Stored items
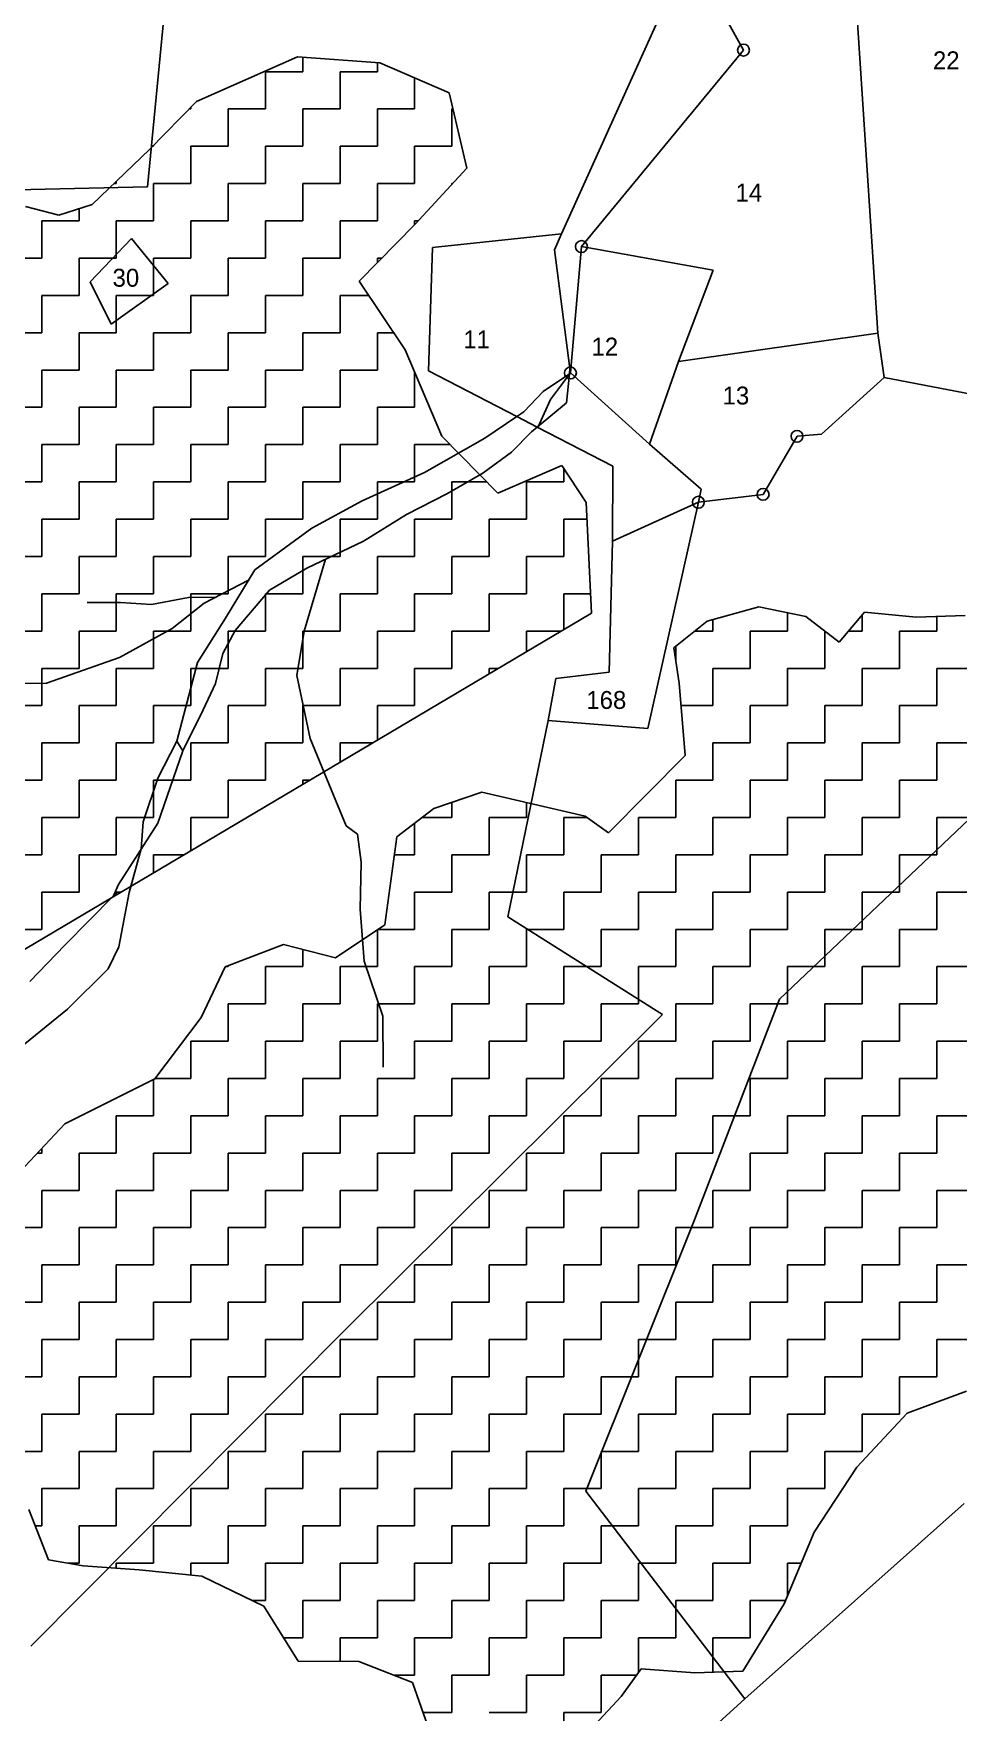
# Model space of a CAD drawing. Header units: metres. Extents: x 317022 to 318987, y 1871527 to 1873424.
# Drawn here: x 317913.9 to 318108.9, y 1872032.4 to 1872386.5 of the extents above; entities that cross this region are included whole.
import ezdxf

# ---------------------------------------------------------------- set-up
doc = ezdxf.new("R2010")
doc.units = ezdxf.units.M
for name, color, linetype in [('LINE_WATER', 4, 'Continuous'), ('POLY_HATCH', 12, 'Continuous'), ('POLY_PARCEL', 6, 'Continuous'), ('POLY_WATER', 4, 'Continuous'), ('TEXT_PARCEL', 7, 'Continuous')]:
    doc.layers.add(name, color=color, linetype=linetype)
doc.styles.add('TEXT_MAP', font='')
doc.styles.get('TEXT_MAP').set_extended_font_data('Kruti Dev 050')

msp = doc.modelspace()

# ---------------------------------------------------------------- linework, layer by layer
for centre in [(318063.6, 1872383.01), (318029.42, 1872341.57), (318027.09, 1872314.91), (318074.88, 1872301.56), (318054.08, 1872287.65), (318067.73, 1872289.31)]:
    msp.add_circle(centre, 1.25)
at = {"layer": 'LINE_WATER'}
for p, q in [((318027.09, 1872314.91), (318022.89, 1872309.32)), ((318022.89, 1872309.32), (318020.23, 1872303.42)), ((317975.44, 1872275.61), (317970.94, 1872260.48)), ((317959.19, 1872271.23), (317949.85, 1872266.4)), ((317925.18, 1872266.48), (317932.19, 1872266.48)), ((317932.19, 1872266.48), (317938.73, 1872266.08)), ((317938.73, 1872266.08), (317946.51, 1872267.57)), ((317949.85, 1872266.4), (317943.08, 1872261)), ((317946.51, 1872267.57), (317952.29, 1872267.66)), ((317943.08, 1872261), (317931.99, 1872254.92)), ((317970.94, 1872260.48), (317969.41, 1872251.13)), ((317931.99, 1872254.92), (317916.63, 1872249.48)), ((317916.63, 1872249.48), (317907.48, 1872249.36)), ((317969.41, 1872251.13), (317972.23, 1872237.84)), ((317972.23, 1872237.84), (317977.59, 1872224.66)), ((317945.33, 1872235.25), (317940.07, 1872219.99)), ((317940.1, 1872229.46), (317944.06, 1872237.29)), ((317936.99, 1872220.28), (317940.1, 1872229.46)), ((317977.59, 1872224.66), (317979.81, 1872219.38)), ((317940.07, 1872219.99), (317931.8, 1872207.04)), ((317936.58, 1872214.53), (317936.99, 1872220.28)), ((317979.81, 1872219.38), (317982.19, 1872217.65)), ((317982.19, 1872217.65), (317982.95, 1872211.73)), ((317934.06, 1872205.36), (317936.58, 1872214.53)), ((317982.95, 1872211.73), (317982.75, 1872201.86)), ((317931.8, 1872207.04), (317930.73, 1872204.63)), ((317930.73, 1872204.63), (317920.45, 1872194.23)), ((317931.83, 1872193.91), (317934.06, 1872205.36)), ((317982.75, 1872201.86), (317983.6, 1872190.86)), ((317920.45, 1872194.23), (317913.05, 1872186.55)), ((317929.6, 1872189.26), (317931.83, 1872193.91)), ((317921, 1872180.74), (317929.6, 1872189.26)), ((317983.6, 1872190.86), (317987.51, 1872179.29)), ((317907.56, 1872169.8), (317921, 1872180.74)), ((317987.51, 1872179.29), (317987.63, 1872168.53))]:
    msp.add_line(p, q, dxfattribs=at)
at = {"layer": 'POLY_HATCH'}
for p, q in [((317969.56, 1872381.6), (317948.2, 1872372.18)), ((317986.87, 1872380.29), (317969.56, 1872381.6)), ((318001.54, 1872373.97), (317986.87, 1872380.29)), ((317948.2, 1872372.18), (317938.3, 1872362.04)), ((318005.24, 1872358.1), (318001.54, 1872373.97)), ((317938.3, 1872362.04), (317926.24, 1872350.47)), ((317994.38, 1872346.3), (318005.24, 1872358.1)), ((317919.2, 1872348.21), (317912.16, 1872349.99)), ((317926.24, 1872350.47), (317919.2, 1872348.21)), ((317982.57, 1872334.25), (317994.38, 1872346.3)), ((317992.24, 1872319.82), (317982.57, 1872334.25)), ((317999.99, 1872301.58), (317992.24, 1872319.82)), ((318011.81, 1872289.53), (317999.99, 1872301.58)), ((318025.29, 1872295.37), (318011.81, 1872289.53)), ((318030.42, 1872287.62), (318025.29, 1872295.37)), ((318031.52, 1872264.28), (318030.42, 1872287.62)), ((317852.68, 1872158.25), (318031.52, 1872264.28)), ((318055.96, 1872262.58), (318048.92, 1872256.97)), ((318066.82, 1872265.56), (318055.96, 1872262.58)), ((318076.73, 1872263.53), (318066.82, 1872265.56)), ((318083.77, 1872258.17), (318076.73, 1872263.53)), ((318089.14, 1872264.49), (318083.77, 1872258.17)), ((318100, 1872263.41), (318089.14, 1872264.49)), ((318110.38, 1872263.77), (318100, 1872263.41)), ((318048.92, 1872256.97), (318050, 1872249.46)), ((318050, 1872249.46), (318051.3, 1872234.25)), ((318051.3, 1872234.25), (318035.14, 1872217.91)), ((318008.44, 1872226.51), (317998.32, 1872223.04)), ((318030.17, 1872221.47), (318008.44, 1872226.51)), ((317998.32, 1872223.04), (317990.48, 1872217.06)), ((318035.14, 1872217.91), (318030.17, 1872221.47)), ((317990.48, 1872217.06), (317987.97, 1872198.49)), ((317987.97, 1872198.49), (317977.57, 1872191.57)), ((317966.55, 1872194.4), (317954.27, 1872189.68)), ((317977.57, 1872191.57), (317966.55, 1872194.4)), ((317954.27, 1872189.68), (317949.23, 1872178.98)), ((317949.23, 1872178.98), (317939.46, 1872166.07)), ((317939.46, 1872166.07), (317920.45, 1872156.52)), ((317920.45, 1872156.52), (317911, 1872146.45)), ((318098.09, 1872095.5), (318110.62, 1872100.15)), ((318087.47, 1872084.17), (318098.09, 1872095.5)), ((318078.52, 1872070.45), (318087.47, 1872084.17)), ((317912.88, 1872075.22), (317917.05, 1872064.61)), ((318072.19, 1872055.31), (318078.52, 1872070.45)), ((317917.05, 1872064.61), (317924.33, 1872063.3)), ((317924.33, 1872063.3), (317936.15, 1872062.46)), ((317936.15, 1872062.46), (317949.39, 1872061.15)), ((317949.39, 1872061.15), (317962.4, 1872054.83)), ((317962.4, 1872054.83), (317969.68, 1872043.26)), ((318063.48, 1872041.11), (318072.19, 1872055.31)), ((317969.68, 1872043.26), (317982.45, 1872043.14)), ((317982.45, 1872043.14), (317993.79, 1872038.73)), ((318037.82, 1872035.75), (318042, 1872041.59)), ((318042, 1872041.59), (318053.34, 1872040.76)), ((318053.34, 1872040.76), (318063.48, 1872041.11)), ((317993.79, 1872038.73), (317997.49, 1872028.11)), ((318027.44, 1872024.66), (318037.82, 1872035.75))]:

▸ ACTIVITY
Your answer must be an exact copy of the entries above, with no pictures in it.

▸ ANSWER SECTION
# Model space of a CAD drawing. Header units: metres. Extents: x 317022 to 318987, y 1871527 to 1873424.
# Drawn here: x 317913.9 to 318108.9, y 1872032.4 to 1872386.5 of the extents above; entities that cross this region are included whole.
import ezdxf

# ---------------------------------------------------------------- set-up
doc = ezdxf.new("R2010")
doc.units = ezdxf.units.M
for name, color, linetype in [('LINE_WATER', 4, 'Continuous'), ('POLY_HATCH', 12, 'Continuous'), ('POLY_PARCEL', 6, 'Continuous'), ('POLY_WATER', 4, 'Continuous'), ('TEXT_PARCEL', 7, 'Continuous')]:
    doc.layers.add(name, color=color, linetype=linetype)
doc.styles.add('TEXT_MAP', font='')
doc.styles.get('TEXT_MAP').set_extended_font_data('Kruti Dev 050')

msp = doc.modelspace()

# ---------------------------------------------------------------- linework, layer by layer
for centre in [(318063.6, 1872383.01), (318029.42, 1872341.57), (318027.09, 1872314.91), (318074.88, 1872301.56), (318054.08, 1872287.65), (318067.73, 1872289.31)]:
    msp.add_circle(centre, 1.25)
at = {"layer": 'LINE_WATER'}
for p, q in [((318027.09, 1872314.91), (318022.89, 1872309.32)), ((318022.89, 1872309.32), (318020.23, 1872303.42)), ((317975.44, 1872275.61), (317970.94, 1872260.48)), ((317959.19, 1872271.23), (317949.85, 1872266.4)), ((317925.18, 1872266.48), (317932.19, 1872266.48)), ((317932.19, 1872266.48), (317938.73, 1872266.08)), ((317938.73, 1872266.08), (317946.51, 1872267.57)), ((317949.85, 1872266.4), (317943.08, 1872261)), ((317946.51, 1872267.57), (317952.29, 1872267.66)), ((317943.08, 1872261), (317931.99, 1872254.92)), ((317970.94, 1872260.48), (317969.41, 1872251.13)), ((317931.99, 1872254.92), (317916.63, 1872249.48)), ((317916.63, 1872249.48), (317907.48, 1872249.36)), ((317969.41, 1872251.13), (317972.23, 1872237.84)), ((317972.23, 1872237.84), (317977.59, 1872224.66)), ((317945.33, 1872235.25), (317940.07, 1872219.99)), ((317940.1, 1872229.46), (317944.06, 1872237.29)), ((317936.99, 1872220.28), (317940.1, 1872229.46)), ((317977.59, 1872224.66), (317979.81, 1872219.38)), ((317940.07, 1872219.99), (317931.8, 1872207.04)), ((317936.58, 1872214.53), (317936.99, 1872220.28)), ((317979.81, 1872219.38), (317982.19, 1872217.65)), ((317982.19, 1872217.65), (317982.95, 1872211.73)), ((317934.06, 1872205.36), (317936.58, 1872214.53)), ((317982.95, 1872211.73), (317982.75, 1872201.86)), ((317931.8, 1872207.04), (317930.73, 1872204.63)), ((317930.73, 1872204.63), (317920.45, 1872194.23)), ((317931.83, 1872193.91), (317934.06, 1872205.36)), ((317982.75, 1872201.86), (317983.6, 1872190.86)), ((317920.45, 1872194.23), (317913.05, 1872186.55)), ((317929.6, 1872189.26), (317931.83, 1872193.91)), ((317921, 1872180.74), (317929.6, 1872189.26)), ((317983.6, 1872190.86), (317987.51, 1872179.29)), ((317907.56, 1872169.8), (317921, 1872180.74)), ((317987.51, 1872179.29), (317987.63, 1872168.53))]:
    msp.add_line(p, q, dxfattribs=at)
at = {"layer": 'POLY_HATCH'}
for p, q in [((317969.56, 1872381.6), (317948.2, 1872372.18)), ((317986.87, 1872380.29), (317969.56, 1872381.6)), ((318001.54, 1872373.97), (317986.87, 1872380.29)), ((317948.2, 1872372.18), (317938.3, 1872362.04)), ((318005.24, 1872358.1), (318001.54, 1872373.97)), ((317938.3, 1872362.04), (317926.24, 1872350.47)), ((317994.38, 1872346.3), (318005.24, 1872358.1)), ((317919.2, 1872348.21), (317912.16, 1872349.99)), ((317926.24, 1872350.47), (317919.2, 1872348.21)), ((317982.57, 1872334.25), (317994.38, 1872346.3)), ((317992.24, 1872319.82), (317982.57, 1872334.25)), ((317999.99, 1872301.58), (317992.24, 1872319.82)), ((318011.81, 1872289.53), (317999.99, 1872301.58)), ((318025.29, 1872295.37), (318011.81, 1872289.53)), ((318030.42, 1872287.62), (318025.29, 1872295.37)), ((318031.52, 1872264.28), (318030.42, 1872287.62)), ((317852.68, 1872158.25), (318031.52, 1872264.28)), ((318055.96, 1872262.58), (318048.92, 1872256.97)), ((318066.82, 1872265.56), (318055.96, 1872262.58)), ((318076.73, 1872263.53), (318066.82, 1872265.56)), ((318083.77, 1872258.17), (318076.73, 1872263.53)), ((318089.14, 1872264.49), (318083.77, 1872258.17)), ((318100, 1872263.41), (318089.14, 1872264.49)), ((318110.38, 1872263.77), (318100, 1872263.41)), ((318048.92, 1872256.97), (318050, 1872249.46)), ((318050, 1872249.46), (318051.3, 1872234.25)), ((318051.3, 1872234.25), (318035.14, 1872217.91)), ((318008.44, 1872226.51), (317998.32, 1872223.04)), ((318030.17, 1872221.47), (318008.44, 1872226.51)), ((317998.32, 1872223.04), (317990.48, 1872217.06)), ((318035.14, 1872217.91), (318030.17, 1872221.47)), ((317990.48, 1872217.06), (317987.97, 1872198.49)), ((317987.97, 1872198.49), (317977.57, 1872191.57)), ((317966.55, 1872194.4), (317954.27, 1872189.68)), ((317977.57, 1872191.57), (317966.55, 1872194.4)), ((317954.27, 1872189.68), (317949.23, 1872178.98)), ((317949.23, 1872178.98), (317939.46, 1872166.07)), ((317939.46, 1872166.07), (317920.45, 1872156.52)), ((317920.45, 1872156.52), (317911, 1872146.45)), ((318098.09, 1872095.5), (318110.62, 1872100.15)), ((318087.47, 1872084.17), (318098.09, 1872095.5)), ((318078.52, 1872070.45), (318087.47, 1872084.17)), ((317912.88, 1872075.22), (317917.05, 1872064.61)), ((318072.19, 1872055.31), (318078.52, 1872070.45)), ((317917.05, 1872064.61), (317924.33, 1872063.3)), ((317924.33, 1872063.3), (317936.15, 1872062.46)), ((317936.15, 1872062.46), (317949.39, 1872061.15)), ((317949.39, 1872061.15), (317962.4, 1872054.83)), ((317962.4, 1872054.83), (317969.68, 1872043.26)), ((318063.48, 1872041.11), (318072.19, 1872055.31)), ((317969.68, 1872043.26), (317982.45, 1872043.14)), ((317982.45, 1872043.14), (317993.79, 1872038.73)), ((318037.82, 1872035.75), (318042, 1872041.59)), ((318042, 1872041.59), (318053.34, 1872040.76)), ((318053.34, 1872040.76), (318063.48, 1872041.11)), ((317993.79, 1872038.73), (317997.49, 1872028.11)), ((318027.44, 1872024.66), (318037.82, 1872035.75))]:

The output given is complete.